Всё
Шрифт:
Знать путь и пройти его не одно и то же.
Кинофильм «Матрица»
10 июля 2070 года
Не могу сказать, что я счастливый человек. Не могу сказать, что жизнь моя несчастна. Не могу сказать даже, что я человек. Скорее, медиа-проект, самостоятельный круглосуточный канал на ТВ, самый читаемый блог, самый узнаваемый фото-видео-объект. Моя жизнь – пик мечтаний большинства людей. Со дня своего совершеннолетия я ни дня не проводил за границами объективов камер. Меня видели все, кто видит, слышали все, кто слышит, то есть 100% населения, поскольку современные технологии создали наконец-таки мир всеобщего благоденствия без кошмарных юродств прошлого.

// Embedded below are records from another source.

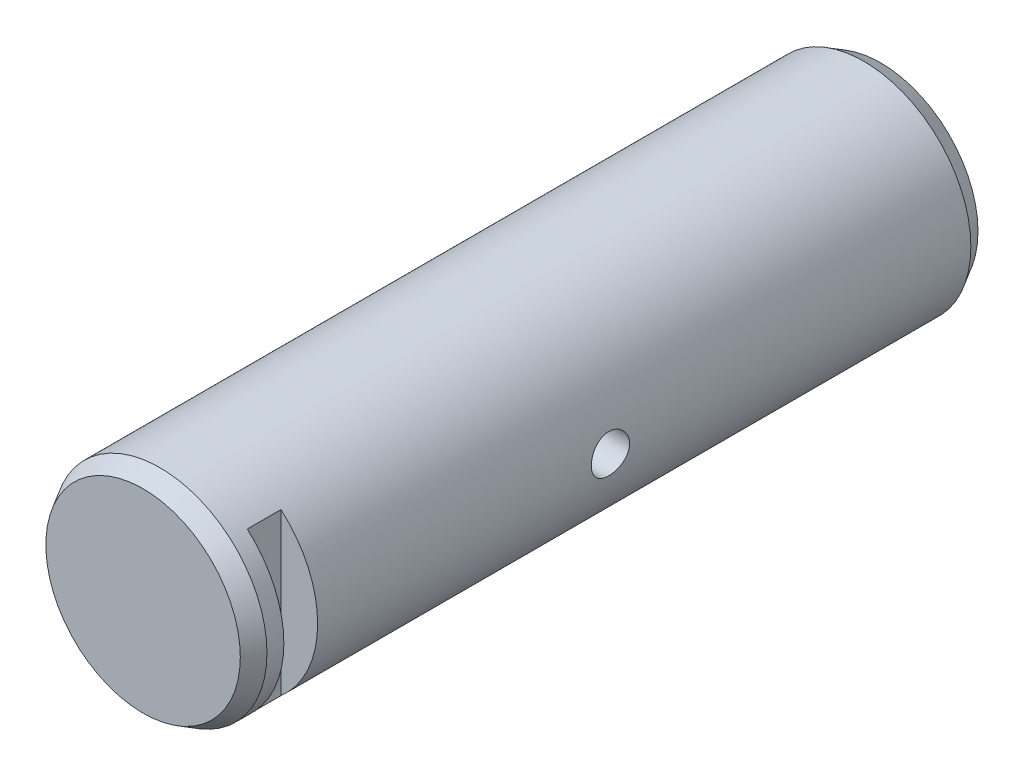
from build123d import *
from OCP.BRepFilletAPI import BRepFilletAPI_MakeChamfer

# Parameters (mm, degrees)
AUFSATZ_LINEAR_AUSTRAGEN1_DEPTH      = 75
AUFSATZ_LINEAR_AUSTRAGEN1_DEPTH_BACK = 56
SKIZZE1_R                            = 19
M8_GEWINDEBOHRUNG1_D                 = 6.8
M8_GEWINDEBOHRUNG1_DEPTH             = 75
M8_GEWINDEBOHRUNG1_TIP               = 2.042926105
SKIZZE7_W                            = 3.4
SKIZZE7_H                            = 19
SCHNITT_LINEAR_AUSTRAGEN1_DEPTH      = 80.668061496
SCHNITT_LINEAR_AUSTRAGEN1_DEPTH_BACK = 80.668061496
SKIZZE8_W                            = 6.5
SKIZZE8_H                            = 6
FASE1_SIZE                           = 3
FASE1_SIZE2                          = 1.732050808


with BuildPart() as part:
    # Skizze1 → Aufsatz-Linear austragen1 (new, two sides: drawn at the far end of the back side and taken through both)
    with BuildSketch(Plane.XY.offset(-AUFSATZ_LINEAR_AUSTRAGEN1_DEPTH_BACK)):
        Circle(SKIZZE1_R)
    extrude(amount=AUFSATZ_LINEAR_AUSTRAGEN1_DEPTH + AUFSATZ_LINEAR_AUSTRAGEN1_DEPTH_BACK)

    # M8 Gewindebohrung1
    with Locations(Plane(origin=(0, 0, -56), x_dir=(-1, 0, 0), z_dir=(0, 0, -1))):
        with Locations((0, 0)):
            Hole(M8_GEWINDEBOHRUNG1_D / 2, depth=M8_GEWINDEBOHRUNG1_DEPTH)
            with Locations((0, 0, -(M8_GEWINDEBOHRUNG1_DEPTH + M8_GEWINDEBOHRUNG1_TIP / 2))):  # 118° drill point
                Cone(0, M8_GEWINDEBOHRUNG1_D / 2, M8_GEWINDEBOHRUNG1_TIP, mode=Mode.SUBTRACT)

    # Skizze7 → Kernloch für M8 Gewinde1 (revolve, cut)
    with BuildSketch(Plane(origin=(0, 0, 11), x_dir=(0, 0, 1), z_dir=(0, 1, 0))):
        with Locations((1.7, 9.5)):
            Rectangle(SKIZZE7_W, SKIZZE7_H)
    revolve(axis=Axis((-6.35, 0, 11), (1, 0, 0)), mode=Mode.SUBTRACT)

    # Skizze8 → Schnitt-Linear austragen1 (cut, two sides: drawn at the far end of the back side and taken through both)
    with BuildSketch(Plane(origin=(0, 0, 0), x_dir=(1, 0, 0), z_dir=(0, 1, 0)).offset(-SCHNITT_LINEAR_AUSTRAGEN1_DEPTH_BACK)):
        with Locations((15.75, -66)):
            Rectangle(SKIZZE8_W, SKIZZE8_H)
    extrude(amount=SCHNITT_LINEAR_AUSTRAGEN1_DEPTH + SCHNITT_LINEAR_AUSTRAGEN1_DEPTH_BACK, mode=Mode.SUBTRACT)

    # Fase1: one chamfer whose edges measure the first distance from different faces: ONE call of the kernel's chamfer builder (chamfer() names one face for all edges)
    fase1_edges_1 = [part.edges().sort_by_distance(p)[0] for p in [
        (-19, 0, -56),
    ]]
    fase1_side_1 = [part.faces().sort_by_distance(p)[0] for p in [
        (-19, 0, -28),
    ]]
    fase1_edges_2 = [part.edges().sort_by_distance(p)[0] for p in [
        (-19, 0, 75),
    ]]
    fase1_side_2 = [part.faces().sort_by_distance(p)[0] for p in [
        (-19, 0, 37.5),
    ]]
    fase1 = BRepFilletAPI_MakeChamfer(part.part.solid().wrapped)
    for e in fase1_edges_1:
        fase1.Add(FASE1_SIZE, FASE1_SIZE2, e.wrapped, fase1_side_1[0].wrapped)  # the first distance lies on this face
    for e in fase1_edges_2:
        fase1.Add(FASE1_SIZE, FASE1_SIZE2, e.wrapped, fase1_side_2[0].wrapped)  # the first distance lies on this face
    add(Compound.cast(fase1.Shape()), mode=Mode.REPLACE)


solid = part.part

Вероятно, лишь потому, что человек по природе своей жаждет чего-то иного. Просто-напросто лежащий на диване перед телевизором зритель иногда хочет в корне поменять свою жизнь и оказаться хоть на день мною. В свою очередь и я порой слишком уж хочу оказаться на пролёжанном диване этого лентяя. Казалось бы, разница между нами налицо: он даже при большом волевом усилии сможет подняться с дивана, только чтобы сходить на кухню за выпивкой. При нечеловеческом усилии он потащит себя на работу, чтобы потом позволить себе купить новый диван и свежее пиво. И нет в нём никакой силы, способной своеобразной рокировкой поменять нас местами. Мне же достаточно легко послать всё в тартарары и почить на любом диване в мире. НО! Общее между нами хоть и не так заметно, но куда важнее: реально ни один из нас никогда этого не сделает. Всё дело в том, что недовольство наше лишь внешнее. Нам порой приятно создать образ недовольного жизнью и потому целеустремлённого к чему-то большему (или, как минимум, другому) человека. Но, если прекратить врать самим себе и взглянуть правде в глаза, станет ясно: Цой (а он, как ни забавно, до сих пор жив) был не прав – мы не хотим перемен. Мой умозрительный антагонист хочет лежать на диване и, попивая пиво, бездейственно мечтать о большем. Я хочу продолжать то, что началось ещё до моего рождения и определило ход всей моей жизни. И нам это нравится. Это наша жизнь. Фундаментально не так уж мы и отличаемся.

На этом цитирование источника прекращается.